Alors à toi je peux bien le dire.
En ce 1er novembre, encore une fois, je n'irai pas mettre la composition moche sur la tombe de ceux que j'aimais et qui ne sont plus là...
D'ailleurs, je ne vais jamais la voir cette "dernière demeure" où ne reste qu'un tas d'os.
Eux, j'y pense chaque jour, je leur souris, souvent, en esprit, j'ai avec eux les conversations que nous aurions eu s'ils avaient été là.
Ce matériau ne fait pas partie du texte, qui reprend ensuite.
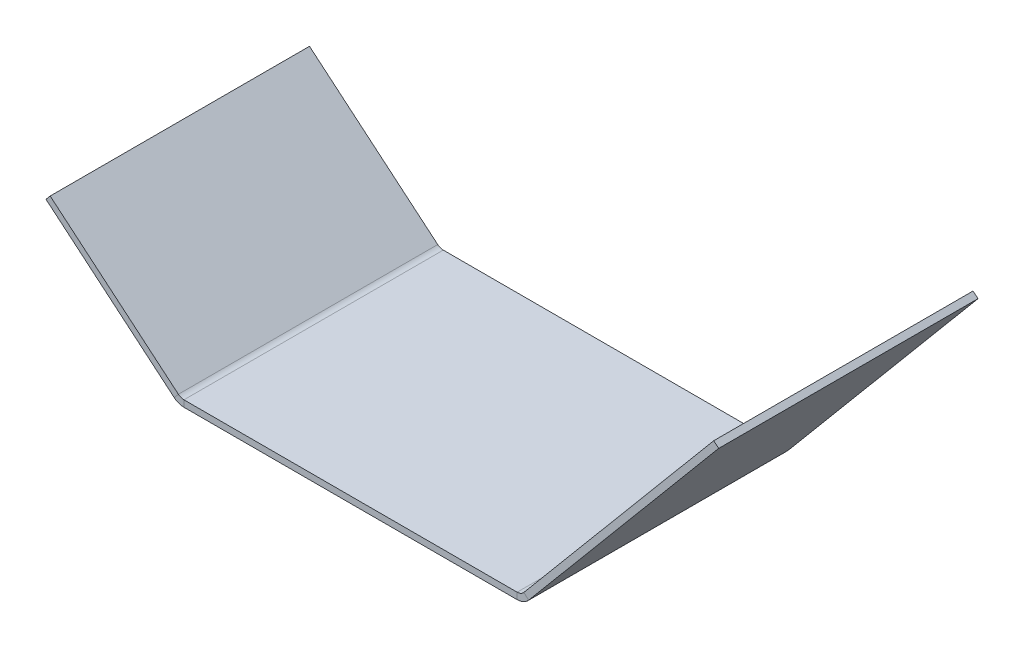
ISO-10303-21;
HEADER;
FILE_DESCRIPTION(('STEP AP214'),'2;1');
FILE_NAME('part.step','',(''),(''),'','','');
FILE_SCHEMA(('AUTOMOTIVE_DESIGN { 1 0 10303 214 1 1 1 1 }'));
ENDSEC;
DATA;
#1=APPLICATION_CONTEXT('core data for automotive mechanical design processes');
#2=APPLICATION_PROTOCOL_DEFINITION('international standard','automotive_design',2000,#1);
#3=PRODUCT_CONTEXT('',#1,'mechanical');
#4=PRODUCT('Part','Part','',(#3));
#5=PRODUCT_RELATED_PRODUCT_CATEGORY('part','',(#4));
#6=PRODUCT_DEFINITION_FORMATION('','',#4);
#7=PRODUCT_DEFINITION_CONTEXT('part definition',#1,'design');
#8=PRODUCT_DEFINITION('design','',#6,#7);
#9=PRODUCT_DEFINITION_SHAPE('','',#8);
#10=(LENGTH_UNIT() NAMED_UNIT(*) SI_UNIT(.MILLI.,.METRE.));
#11=(NAMED_UNIT(*) PLANE_ANGLE_UNIT() SI_UNIT($,.RADIAN.));
#12=(NAMED_UNIT(*) SI_UNIT($,.STERADIAN.) SOLID_ANGLE_UNIT());
#13=UNCERTAINTY_MEASURE_WITH_UNIT(LENGTH_MEASURE(1.E-05),#10,'distance_accuracy_value','');
#14=(GEOMETRIC_REPRESENTATION_CONTEXT(3) GLOBAL_UNCERTAINTY_ASSIGNED_CONTEXT((#13)) GLOBAL_UNIT_ASSIGNED_CONTEXT((#10,
#11,#12)) REPRESENTATION_CONTEXT('',''));
#15=CARTESIAN_POINT('',(0.,0.,0.));
#16=DIRECTION('',(0.,0.,1.));
#17=DIRECTION('',(1.,0.,0.));
#18=AXIS2_PLACEMENT_3D('',#15,#16,#17);
#19=CARTESIAN_POINT('',(-0.975860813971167,0.818844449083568,60.));
#20=DIRECTION('',(0.,0.,1.));
#21=DIRECTION('',(1.,0.,0.));
#22=AXIS2_PLACEMENT_3D('',#19,#20,#21);
#23=PLANE('',#22);
#24=DIRECTION('',(0.642787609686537,0.76604444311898,0.));
#25=VECTOR('',#24,1.);
#26=CARTESIAN_POINT('',(-0.975860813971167,0.818844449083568,60.));
#27=LINE('',#26,#25);
#28=CARTESIAN_POINT('',(-0.975860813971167,0.818844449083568,60.));
#29=VERTEX_POINT('',#28);
#30=CARTESIAN_POINT('',(-0.0116793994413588,1.96791111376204,60.));
#31=VERTEX_POINT('',#30);
#32=EDGE_CURVE('E11',#29,#31,#27,.T.);
#33=ORIENTED_EDGE('',*,*,#32,.F.);
#34=CARTESIAN_POINT('',(1.27389581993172,3.5,60.));
#35=DIRECTION('',(0.,0.,-1.));
#36=DIRECTION('',(-1.,0.,0.));
#37=AXIS2_PLACEMENT_3D('',#34,#35,#36);
#38=CIRCLE('',#37,3.5);
#39=CARTESIAN_POINT('',(1.27389581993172,0.,60.));
#40=VERTEX_POINT('',#39);
#41=EDGE_CURVE('E147',#29,#40,#38,.F.);
#42=ORIENTED_EDGE('',*,*,#41,.T.);
#43=DIRECTION('',(0.,-1.,0.));
#44=VECTOR('',#43,1.);
#45=CARTESIAN_POINT('',(1.27389581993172,1.5,60.));
#46=LINE('',#45,#44);
#47=CARTESIAN_POINT('',(1.27389581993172,1.5,60.));
#48=VERTEX_POINT('',#47);
#49=EDGE_CURVE('E45',#48,#40,#46,.T.);
#50=ORIENTED_EDGE('',*,*,#49,.F.);
#51=CARTESIAN_POINT('',(1.27389581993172,3.5,60.));
#52=DIRECTION('',(0.,0.,1.));
#53=DIRECTION('',(1.,0.,0.));
#54=AXIS2_PLACEMENT_3D('',#51,#52,#53);
#55=CIRCLE('',#54,2.);
#56=EDGE_CURVE('E241',#31,#48,#55,.T.);
#57=ORIENTED_EDGE('',*,*,#56,.F.);
#58=EDGE_LOOP('',(#33,#42,#50,#57));
#59=FACE_BOUND('',#58,.T.);
#60=ADVANCED_FACE('F37',(#59),#23,.T.);
#61=CARTESIAN_POINT('',(1.27389581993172,1.5,60.));
#62=DIRECTION('',(0.,0.,1.));
#63=DIRECTION('',(1.,0.,0.));
#64=AXIS2_PLACEMENT_3D('',#61,#62,#63);
#65=PLANE('',#64);
#66=DIRECTION('',(0.766044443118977,-0.64278760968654,0.));
#67=VECTOR('',#66,1.);
#68=CARTESIAN_POINT('',(-30.6417777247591,25.7115043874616,60.));
#69=LINE('',#68,#67);
#70=CARTESIAN_POINT('',(-30.6417777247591,25.7115043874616,60.));
#71=VERTEX_POINT('',#70);
#72=EDGE_CURVE('E152',#71,#29,#69,.T.);
#73=ORIENTED_EDGE('',*,*,#72,.T.);
#74=ORIENTED_EDGE('',*,*,#32,.T.);
#75=DIRECTION('',(0.766044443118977,-0.64278760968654,0.));
#76=VECTOR('',#75,1.);
#77=CARTESIAN_POINT('',(-29.6775963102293,26.8605710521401,60.));
#78=LINE('',#77,#76);
#79=CARTESIAN_POINT('',(-29.6775963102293,26.8605710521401,60.));
#80=VERTEX_POINT('',#79);
#81=EDGE_CURVE('E254',#80,#31,#78,.T.);
#82=ORIENTED_EDGE('',*,*,#81,.F.);
#83=DIRECTION('',(0.642787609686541,0.766044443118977,0.));
#84=VECTOR('',#83,1.);
#85=CARTESIAN_POINT('',(-30.6417777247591,25.7115043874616,60.));
#86=LINE('',#85,#84);
#87=EDGE_CURVE('E256',#71,#80,#86,.T.);
#88=ORIENTED_EDGE('',*,*,#87,.F.);
#89=EDGE_LOOP('',(#73,#74,#82,#88));
#90=FACE_BOUND('',#89,.T.);
#91=ADVANCED_FACE('F267',(#90),#65,.T.);
#92=CARTESIAN_POINT('',(1.27389581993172,0.,0.));
#93=DIRECTION('',(0.,0.,-1.));
#94=DIRECTION('',(-1.,0.,0.));
#95=AXIS2_PLACEMENT_3D('',#92,#93,#94);
#96=PLANE('',#95);
#97=DIRECTION('',(0.,1.,0.));
#98=VECTOR('',#97,1.);
#99=CARTESIAN_POINT('',(1.27389581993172,0.,0.));
#100=LINE('',#99,#98);
#101=CARTESIAN_POINT('',(1.27389581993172,0.,0.));
#102=VERTEX_POINT('',#101);
#103=CARTESIAN_POINT('',(1.27389581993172,1.5,0.));
#104=VERTEX_POINT('',#103);
#105=EDGE_CURVE('E145',#102,#104,#100,.T.);
#106=ORIENTED_EDGE('',*,*,#105,.F.);
#107=CARTESIAN_POINT('',(1.27389581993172,3.5,0.));
#108=DIRECTION('',(0.,0.,-1.));
#109=DIRECTION('',(-1.,0.,0.));
#110=AXIS2_PLACEMENT_3D('',#107,#108,#109);
#111=CIRCLE('',#110,3.5);
#112=CARTESIAN_POINT('',(-0.975860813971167,0.818844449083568,0.));
#113=VERTEX_POINT('',#112);
#114=EDGE_CURVE('E159',#113,#102,#111,.F.);
#115=ORIENTED_EDGE('',*,*,#114,.F.);
#116=DIRECTION('',(-0.642787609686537,-0.76604444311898,0.));
#117=VECTOR('',#116,1.);
#118=CARTESIAN_POINT('',(-0.0116793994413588,1.96791111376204,0.));
#119=LINE('',#118,#117);
#120=CARTESIAN_POINT('',(-0.0116793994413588,1.96791111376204,0.));
#121=VERTEX_POINT('',#120);
#122=EDGE_CURVE('E232',#121,#113,#119,.T.);
#123=ORIENTED_EDGE('',*,*,#122,.F.);
#124=CARTESIAN_POINT('',(1.27389581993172,3.5,0.));
#125=DIRECTION('',(0.,0.,1.));
#126=DIRECTION('',(1.,0.,0.));
#127=AXIS2_PLACEMENT_3D('',#124,#125,#126);
#128=CIRCLE('',#127,2.);
#129=EDGE_CURVE('E186',#121,#104,#128,.T.);
#130=ORIENTED_EDGE('',*,*,#129,.T.);
#131=EDGE_LOOP('',(#106,#115,#123,#130));
#132=FACE_BOUND('',#131,.T.);
#133=ADVANCED_FACE('F246',(#132),#96,.T.);
#134=CARTESIAN_POINT('',(-0.0116793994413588,1.96791111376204,0.));
#135=DIRECTION('',(0.,0.,-1.));
#136=DIRECTION('',(-1.,0.,0.));
#137=AXIS2_PLACEMENT_3D('',#134,#135,#136);
#138=PLANE('',#137);
#139=DIRECTION('',(1.,0.,0.));
#140=VECTOR('',#139,1.);
#141=CARTESIAN_POINT('',(0.,0.,0.));
#142=LINE('',#141,#140);
#143=CARTESIAN_POINT('',(78.3679231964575,0.,0.));
#144=VERTEX_POINT('',#143);
#145=EDGE_CURVE('E199',#102,#144,#142,.T.);
#146=ORIENTED_EDGE('',*,*,#145,.F.);
#147=ORIENTED_EDGE('',*,*,#105,.T.);
#148=DIRECTION('',(1.,0.,0.));
#149=VECTOR('',#148,1.);
#150=CARTESIAN_POINT('',(0.,1.5,0.));
#151=LINE('',#150,#149);
#152=CARTESIAN_POINT('',(78.3679231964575,1.5,0.));
#153=VERTEX_POINT('',#152);
#154=EDGE_CURVE('E184',#104,#153,#151,.T.);
#155=ORIENTED_EDGE('',*,*,#154,.T.);
#156=DIRECTION('',(0.,-1.,0.));
#157=VECTOR('',#156,1.);
#158=CARTESIAN_POINT('',(78.3679231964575,1.5,0.));
#159=LINE('',#158,#157);
#160=EDGE_CURVE('E94',#153,#144,#159,.T.);
#161=ORIENTED_EDGE('',*,*,#160,.T.);
#162=EDGE_LOOP('',(#146,#147,#155,#161));
#163=FACE_BOUND('',#162,.T.);
#164=ADVANCED_FACE('F234',(#163),#138,.T.);
#165=CARTESIAN_POINT('',(78.3679231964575,0.,60.));
#166=DIRECTION('',(0.,0.,1.));
#167=DIRECTION('',(1.,0.,0.));
#168=AXIS2_PLACEMENT_3D('',#165,#166,#167);
#169=PLANE('',#168);
#170=DIRECTION('',(0.,1.,0.));
#171=VECTOR('',#170,1.);
#172=CARTESIAN_POINT('',(78.3679231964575,0.,60.));
#173=LINE('',#172,#171);
#174=CARTESIAN_POINT('',(78.3679231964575,0.,60.));
#175=VERTEX_POINT('',#174);
#176=CARTESIAN_POINT('',(78.3679231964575,1.5,60.));
#177=VERTEX_POINT('',#176);
#178=EDGE_CURVE('E230',#175,#177,#173,.T.);
#179=ORIENTED_EDGE('',*,*,#178,.F.);
#180=CARTESIAN_POINT('',(78.3679231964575,3.5,60.));
#181=DIRECTION('',(0.,0.,-1.));
#182=DIRECTION('',(-1.,0.,0.));
#183=AXIS2_PLACEMENT_3D('',#180,#181,#182);
#184=CIRCLE('',#183,3.5);
#185=CARTESIAN_POINT('',(81.0490787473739,1.25024336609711,60.));
#186=VERTEX_POINT('',#185);
#187=EDGE_CURVE('E167',#175,#186,#184,.F.);
#188=ORIENTED_EDGE('',*,*,#187,.T.);
#189=DIRECTION('',(0.766044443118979,-0.642787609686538,0.));
#190=VECTOR('',#189,1.);
#191=CARTESIAN_POINT('',(79.9000120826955,2.21442478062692,60.));
#192=LINE('',#191,#190);
#193=CARTESIAN_POINT('',(79.9000120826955,2.21442478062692,60.));
#194=VERTEX_POINT('',#193);
#195=EDGE_CURVE('E53',#194,#186,#192,.T.);
#196=ORIENTED_EDGE('',*,*,#195,.F.);
#197=CARTESIAN_POINT('',(78.3679231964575,3.5,60.));
#198=DIRECTION('',(0.,0.,1.));
#199=DIRECTION('',(1.,0.,0.));
#200=AXIS2_PLACEMENT_3D('',#197,#198,#199);
#201=CIRCLE('',#200,2.);
#202=EDGE_CURVE('E258',#177,#194,#201,.T.);
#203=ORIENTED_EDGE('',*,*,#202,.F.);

Ils m'accompagnent.
Je ne verserai pas des larmes aux photographes, les miennes sont parfois invisibles, mais bien plus sincères.
Je ne m'exposerai pas à la galerie pour jouer à celle qui a le plus gros chagrin, celle qui est la meilleure, et les plus anciens me le reprocheront peut être.
Mais ce soir, demain, et tous les jours, quand je me regarderai dans le miroir, je pourrai soutenir ce regard car je n'aurai pas de honte à avoir.
Je n'oublie pas...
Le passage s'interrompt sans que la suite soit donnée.